However, there are lots of reasons why it might be really, really bad as well. Remember, Geoff Johns wrote the trainwreck that was Infinite Crisis, in which he symbolically and literally tried to kill all sense of whimsy in the DC universe. Furthermore, "Green Lantern: Rebirth" was a six issue retcon explanation no matter how hard the writing tried to pound it into a coherent narrative or how much the content introduced has been used since. However, he's gotten better since then. His old Flash and JSA were good, and "Legion of 3 Worlds" has been FANTASTIC (if a huge wank-off to HIS version of the Legion no others count goddamit). In the end, he's definitely got more hits than misses.
But for now, let's focus on his other seminal work, the second part of his "Green Lantern trilogy", "The Sinestro Corps War." Pretty much everyone loved it, while I found it fairly good. It does have a solid narrative base, but there are a lot of little problems that add up to drag it down for me. By far my biggest pet peeve is, well... try to guess for yourself:
Now, I get it. The classic GL mythos has Hal Jordan being "honest and fearless" and "one who can overcome great fear" but good god man, that doesn't preclude you from using synonyms!

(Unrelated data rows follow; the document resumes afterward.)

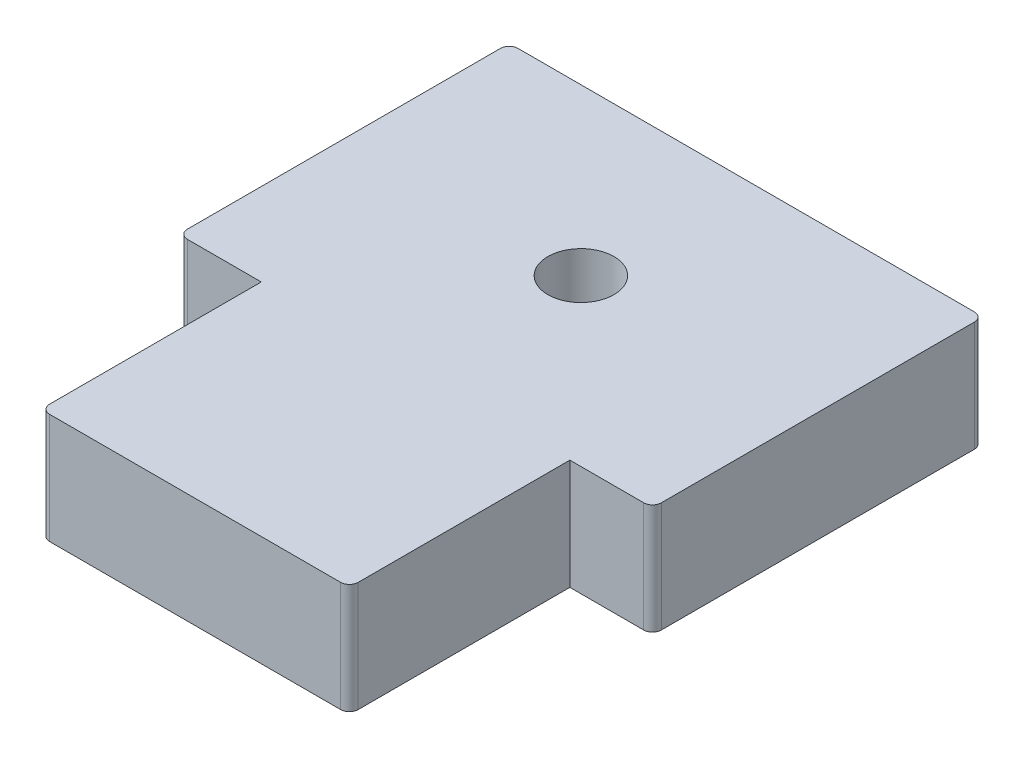
ISO-10303-21;
HEADER;
FILE_DESCRIPTION(('STEP AP214'),'2;1');
FILE_NAME('part.step','',(''),(''),'','','');
FILE_SCHEMA(('AUTOMOTIVE_DESIGN { 1 0 10303 214 1 1 1 1 }'));
ENDSEC;
DATA;
#1=APPLICATION_CONTEXT('core data for automotive mechanical design processes');
#2=APPLICATION_PROTOCOL_DEFINITION('international standard','automotive_design',2000,#1);
#3=PRODUCT_CONTEXT('',#1,'mechanical');
#4=PRODUCT('Part','Part','',(#3));
#5=PRODUCT_RELATED_PRODUCT_CATEGORY('part','',(#4));
#6=PRODUCT_DEFINITION_FORMATION('','',#4);
#7=PRODUCT_DEFINITION_CONTEXT('part definition',#1,'design');
#8=PRODUCT_DEFINITION('design','',#6,#7);
#9=PRODUCT_DEFINITION_SHAPE('','',#8);
#10=(LENGTH_UNIT() NAMED_UNIT(*) SI_UNIT(.MILLI.,.METRE.));
#11=(NAMED_UNIT(*) PLANE_ANGLE_UNIT() SI_UNIT($,.RADIAN.));
#12=(NAMED_UNIT(*) SI_UNIT($,.STERADIAN.) SOLID_ANGLE_UNIT());
#13=UNCERTAINTY_MEASURE_WITH_UNIT(LENGTH_MEASURE(1.E-05),#10,'distance_accuracy_value','');
#14=(GEOMETRIC_REPRESENTATION_CONTEXT(3) GLOBAL_UNCERTAINTY_ASSIGNED_CONTEXT((#13)) GLOBAL_UNIT_ASSIGNED_CONTEXT((#10,
#11,#12)) REPRESENTATION_CONTEXT('',''));
#15=CARTESIAN_POINT('',(0.,0.,0.));
#16=DIRECTION('',(0.,0.,1.));
#17=DIRECTION('',(1.,0.,0.));
#18=AXIS2_PLACEMENT_3D('',#15,#16,#17);
#19=CARTESIAN_POINT('',(140.,100.,150.));
#20=DIRECTION('',(0.,0.,-1.));
#21=DIRECTION('',(-1.,0.,0.));
#22=AXIS2_PLACEMENT_3D('',#19,#20,#21);
#23=PLANE('',#22);
#24=DIRECTION('',(1.,0.,0.));
#25=VECTOR('',#24,1.);
#26=CARTESIAN_POINT('',(140.,0.,150.));
#27=LINE('',#26,#25);
#28=CARTESIAN_POINT('',(140.,0.,150.));
#29=VERTEX_POINT('',#28);
#30=CARTESIAN_POINT('',(207.,0.,150.));
#31=VERTEX_POINT('',#30);
#32=EDGE_CURVE('E188',#29,#31,#27,.T.);
#33=ORIENTED_EDGE('',*,*,#32,.T.);
#34=DIRECTION('',(0.,-1.,0.));
#35=VECTOR('',#34,1.);
#36=CARTESIAN_POINT('',(207.,100.,150.));
#37=LINE('',#36,#35);
#38=CARTESIAN_POINT('',(207.,100.,150.));
#39=VERTEX_POINT('',#38);
#40=EDGE_CURVE('E277',#31,#39,#37,.F.);
#41=ORIENTED_EDGE('',*,*,#40,.T.);
#42=DIRECTION('',(1.,0.,0.));
#43=VECTOR('',#42,1.);
#44=CARTESIAN_POINT('',(140.,100.,150.));
#45=LINE('',#44,#43);
#46=CARTESIAN_POINT('',(140.,100.,150.));
#47=VERTEX_POINT('',#46);
#48=EDGE_CURVE('E216',#47,#39,#45,.T.);
#49=ORIENTED_EDGE('',*,*,#48,.F.);
#50=DIRECTION('',(0.,-1.,0.));
#51=VECTOR('',#50,1.);
#52=CARTESIAN_POINT('',(140.,100.,150.));
#53=LINE('',#52,#51);
#54=EDGE_CURVE('E174',#47,#29,#53,.T.);
#55=ORIENTED_EDGE('',*,*,#54,.T.);
#56=EDGE_LOOP('',(#33,#41,#49,#55));
#57=FACE_BOUND('',#56,.T.);
#58=ADVANCED_FACE('F45',(#57),#23,.F.);
#59=CARTESIAN_POINT('',(215.,100.,-150.));
#60=DIRECTION('',(-1.,0.,0.));
#61=DIRECTION('',(0.,0.,1.));
#62=AXIS2_PLACEMENT_3D('',#59,#60,#61);
#63=PLANE('',#62);
#64=DIRECTION('',(0.,0.,-1.));
#65=VECTOR('',#64,1.);
#66=CARTESIAN_POINT('',(215.,0.,-150.));
#67=LINE('',#66,#65);
#68=CARTESIAN_POINT('',(215.,0.,142.));
#69=VERTEX_POINT('',#68);
#70=CARTESIAN_POINT('',(215.,0.,-142.));
#71=VERTEX_POINT('',#70);
#72=EDGE_CURVE('E192',#69,#71,#67,.T.);
#73=ORIENTED_EDGE('',*,*,#72,.T.);
#74=DIRECTION('',(0.,-1.,0.));
#75=VECTOR('',#74,1.);
#76=CARTESIAN_POINT('',(215.,100.,-142.));
#77=LINE('',#76,#75);
#78=CARTESIAN_POINT('',(215.,100.,-142.));
#79=VERTEX_POINT('',#78);
#80=EDGE_CURVE('E274',#71,#79,#77,.F.);
#81=ORIENTED_EDGE('',*,*,#80,.T.);
#82=DIRECTION('',(0.,0.,-1.));
#83=VECTOR('',#82,1.);
#84=CARTESIAN_POINT('',(215.,100.,-150.));
#85=LINE('',#84,#83);
#86=CARTESIAN_POINT('',(215.,100.,142.));
#87=VERTEX_POINT('',#86);
#88=EDGE_CURVE('E307',#87,#79,#85,.T.);
#89=ORIENTED_EDGE('',*,*,#88,.F.);
#90=DIRECTION('',(0.,-1.,0.));
#91=VECTOR('',#90,1.);
#92=CARTESIAN_POINT('',(215.,100.,142.));
#93=LINE('',#92,#91);
#94=EDGE_CURVE('E270',#87,#69,#93,.T.);
#95=ORIENTED_EDGE('',*,*,#94,.T.);
#96=EDGE_LOOP('',(#73,#81,#89,#95));
#97=FACE_BOUND('',#96,.T.);
#98=ADVANCED_FACE('F315',(#97),#63,.F.);
#99=CARTESIAN_POINT('',(-215.,100.,-150.));
#100=DIRECTION('',(0.,0.,1.));
#101=DIRECTION('',(1.,0.,0.));
#102=AXIS2_PLACEMENT_3D('',#99,#100,#101);
#103=PLANE('',#102);
#104=DIRECTION('',(-1.,0.,0.));
#105=VECTOR('',#104,1.);
#106=CARTESIAN_POINT('',(-215.,0.,-150.));
#107=LINE('',#106,#105);
#108=CARTESIAN_POINT('',(207.,0.,-150.));
#109=VERTEX_POINT('',#108);
#110=CARTESIAN_POINT('',(-207.,0.,-150.));
#111=VERTEX_POINT('',#110);
#112=EDGE_CURVE('E197',#109,#111,#107,.T.);
#113=ORIENTED_EDGE('',*,*,#112,.T.);
#114=DIRECTION('',(0.,-1.,0.));
#115=VECTOR('',#114,1.);
#116=CARTESIAN_POINT('',(-207.,100.,-150.));
#117=LINE('',#116,#115);
#118=CARTESIAN_POINT('',(-207.,100.,-150.));
#119=VERTEX_POINT('',#118);
#120=EDGE_CURVE('E248',#111,#119,#117,.F.);
#121=ORIENTED_EDGE('',*,*,#120,.T.);
#122=DIRECTION('',(-1.,0.,0.));
#123=VECTOR('',#122,1.);
#124=CARTESIAN_POINT('',(-215.,100.,-150.));
#125=LINE('',#124,#123);
#126=CARTESIAN_POINT('',(207.,100.,-150.));
#127=VERTEX_POINT('',#126);
#128=EDGE_CURVE('E326',#127,#119,#125,.T.);
#129=ORIENTED_EDGE('',*,*,#128,.F.);
#130=DIRECTION('',(0.,-1.,0.));
#131=VECTOR('',#130,1.);
#132=CARTESIAN_POINT('',(207.,100.,-150.));
#133=LINE('',#132,#131);
#134=EDGE_CURVE('E244',#127,#109,#133,.T.);
#135=ORIENTED_EDGE('',*,*,#134,.T.);
#136=EDGE_LOOP('',(#113,#121,#129,#135));
#137=FACE_BOUND('',#136,.T.);
#138=ADVANCED_FACE('F324',(#137),#103,.F.);
#139=CARTESIAN_POINT('',(-215.,100.,-150.));
#140=DIRECTION('',(1.,0.,0.));
#141=DIRECTION('',(0.,0.,-1.));
#142=AXIS2_PLACEMENT_3D('',#139,#140,#141);
#143=PLANE('',#142);
#144=DIRECTION('',(0.,0.,1.));
#145=VECTOR('',#144,1.);
#146=CARTESIAN_POINT('',(-215.,100.,-150.));
#147=LINE('',#146,#145);
#148=CARTESIAN_POINT('',(-215.,100.,-142.));
#149=VERTEX_POINT('',#148);
#150=CARTESIAN_POINT('',(-215.,100.,142.));
#151=VERTEX_POINT('',#150);
#152=EDGE_CURVE('E162',#149,#151,#147,.T.);
#153=ORIENTED_EDGE('',*,*,#152,.F.);
#154=DIRECTION('',(0.,-1.,0.));
#155=VECTOR('',#154,1.);
#156=CARTESIAN_POINT('',(-215.,100.,-142.));
#157=LINE('',#156,#155);
#158=CARTESIAN_POINT('',(-215.,0.,-142.));
#159=VERTEX_POINT('',#158);
#160=EDGE_CURVE('E222',#149,#159,#157,.T.);
#161=ORIENTED_EDGE('',*,*,#160,.T.);
#162=DIRECTION('',(0.,0.,1.));
#163=VECTOR('',#162,1.);
#164=CARTESIAN_POINT('',(-215.,0.,-150.));
#165=LINE('',#164,#163);
#166=CARTESIAN_POINT('',(-215.,0.,142.));
#167=VERTEX_POINT('',#166);
#168=EDGE_CURVE('E201',#159,#167,#165,.T.);
#169=ORIENTED_EDGE('',*,*,#168,.T.);
#170=DIRECTION('',(0.,-1.,0.));
#171=VECTOR('',#170,1.);
#172=CARTESIAN_POINT('',(-215.,100.,142.));
#173=LINE('',#172,#171);
#174=EDGE_CURVE('E173',#167,#151,#173,.F.);
#175=ORIENTED_EDGE('',*,*,#174,.T.);
#176=EDGE_LOOP('',(#153,#161,#169,#175));
#177=FACE_BOUND('',#176,.T.);
#178=ADVANCED_FACE('F487',(#177),#143,.F.);
#179=CARTESIAN_POINT('',(-215.,100.,150.));
#180=DIRECTION('',(0.,0.,-1.));
#181=DIRECTION('',(-1.,0.,0.));
#182=AXIS2_PLACEMENT_3D('',#179,#180,#181);
#183=PLANE('',#182);
#184=DIRECTION('',(1.,0.,0.));
#185=VECTOR('',#184,1.);
#186=CARTESIAN_POINT('',(-215.,100.,150.));
#187=LINE('',#186,#185);
#188=CARTESIAN_POINT('',(-207.,100.,150.));
#189=VERTEX_POINT('',#188);
#190=CARTESIAN_POINT('',(-140.,100.,150.));
#191=VERTEX_POINT('',#190);
#192=EDGE_CURVE('E148',#189,#191,#187,.T.);
#193=ORIENTED_EDGE('',*,*,#192,.F.);
#194=DIRECTION('',(0.,-1.,0.));
#195=VECTOR('',#194,1.);
#196=CARTESIAN_POINT('',(-207.,100.,150.));
#197=LINE('',#196,#195);
#198=CARTESIAN_POINT('',(-207.,0.,150.));
#199=VERTEX_POINT('',#198);
#200=EDGE_CURVE('E267',#189,#199,#197,.T.);
#201=ORIENTED_EDGE('',*,*,#200,.T.);
#202=DIRECTION('',(1.,0.,0.));
#203=VECTOR('',#202,1.);
#204=CARTESIAN_POINT('',(-215.,0.,150.));
#205=LINE('',#204,#203);
#206=CARTESIAN_POINT('',(-140.,0.,150.));
#207=VERTEX_POINT('',#206);
#208=EDGE_CURVE('E168',#199,#207,#205,.T.);
#209=ORIENTED_EDGE('',*,*,#208,.T.);
#210=DIRECTION('',(0.,-1.,0.));
#211=VECTOR('',#210,1.);
#212=CARTESIAN_POINT('',(-140.,100.,150.));
#213=LINE('',#212,#211);
#214=EDGE_CURVE('E165',#191,#207,#213,.T.);
#215=ORIENTED_EDGE('',*,*,#214,.F.);
#216=EDGE_LOOP('',(#193,#201,#209,#215));
#217=FACE_BOUND('',#216,.T.);
#218=ADVANCED_FACE('F166',(#217),#183,.F.);
#219=CARTESIAN_POINT('',(-140.,100.,150.));
#220=DIRECTION('',(1.,0.,0.));
#221=DIRECTION('',(0.,0.,-1.));
#222=AXIS2_PLACEMENT_3D('',#219,#220,#221);
#223=PLANE('',#222);
#224=DIRECTION('',(0.,0.,1.));
#225=VECTOR('',#224,1.);
#226=CARTESIAN_POINT('',(-140.,0.,150.));
#227=LINE('',#226,#225);
#228=CARTESIAN_POINT('',(-140.,0.,342.));
#229=VERTEX_POINT('',#228);
#230=EDGE_CURVE('E207',#207,#229,#227,.T.);
#231=ORIENTED_EDGE('',*,*,#230,.T.);
#232=DIRECTION('',(0.,-1.,0.));
#233=VECTOR('',#232,1.);
#234=CARTESIAN_POINT('',(-140.,100.,342.));
#235=LINE('',#234,#233);
#236=CARTESIAN_POINT('',(-140.,100.,342.));
#237=VERTEX_POINT('',#236);
#238=EDGE_CURVE('E54',#229,#237,#235,.F.);
#239=ORIENTED_EDGE('',*,*,#238,.T.);
#240=DIRECTION('',(0.,0.,1.));
#241=VECTOR('',#240,1.);
#242=CARTESIAN_POINT('',(-140.,100.,150.));
#243=LINE('',#242,#241);
#244=EDGE_CURVE('E153',#191,#237,#243,.T.);
#245=ORIENTED_EDGE('',*,*,#244,.F.);
#246=ORIENTED_EDGE('',*,*,#214,.T.);
#247=EDGE_LOOP('',(#231,#239,#245,#246));
#248=FACE_BOUND('',#247,.T.);
#249=ADVANCED_FACE('F176',(#248),#223,.F.);
#250=CARTESIAN_POINT('',(-140.,100.,350.));
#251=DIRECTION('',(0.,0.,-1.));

Gah! It really makes the dialogue feel stilted and forced. They just have to slam home that they're fighting FEAR. Their enemies wield the power of FEAR. They need to overcome their collective FEAR. We get it! It's even more jarring when you get to exchanges like this:
That's one of like three times that he doesn't resort to his old standby. I want to believe that some editor decided to risk alienating their big money-maker when he wanted to write "fear-motivated mini riot."
And while we're on the subject, as I was slicing up that fear montage (for hours, to entertain one person, hope you're happy) I remembered the second thing about the storyline that irked me: the moments that stood out in their ridiculousness in the series about alien space cops with magic rings fighting counterpart-Supermen-cyborg parasites that run on the power of being scary. These are just the things I gleaned from the first THREE issues mind you; if I had taken every fear reference from the whole series that montage would be six times as large.
"There were rumored acts of fascism, excessive violence and, worse yet, instilling across his own planet."
Now, the fear thing is bad. But I'd worry more about the fascist government and the excessive violence. That's just me. I think I'd focus on those two first, and in the meantime I'd DEAL with being scared.
"I never believed in fear. Not before I came face-to-face with Parallax."
Waitwaitwaitwaitwait. Hal Jordan never believed in fear? As in "I don't believe in leprechauns" believe? What the... how does that work? Did he not get when he saw people react to scary things, which he would see quite often in his job of space cop superhero? Is he literally missing the flight or fight response? That's not courageous, dude; that's a mental illness.
I think it'd be "AHHH! AHHHH! AHHHHHH! I'm being strangled by a space monster! Oh my god! Shoot it! Shoot it! AHHHHHH!"
Now here's where I get worried about Blackest Night. Recently it's been revealed that there's an entire "emotional electromagnetic spectrum" that will be harnessed by seven corps, wielding the lights of red rage, orange avarice, yellow fear, green willpower, blue hope, indigo compassion, and violet love. You know what the means? I hope you like reading the words "rage," "avarice," "fear," "willpower," "hope," "compassion," and "love." I expect the "war of light" to look something like this:
...I might have gone of on a tangent with some of those bubbles, but you get the general idea. Hopefully Johns will be able to hold back and just give me a good goddamn zombie/cape story. Guess we'll find out on Wednesday.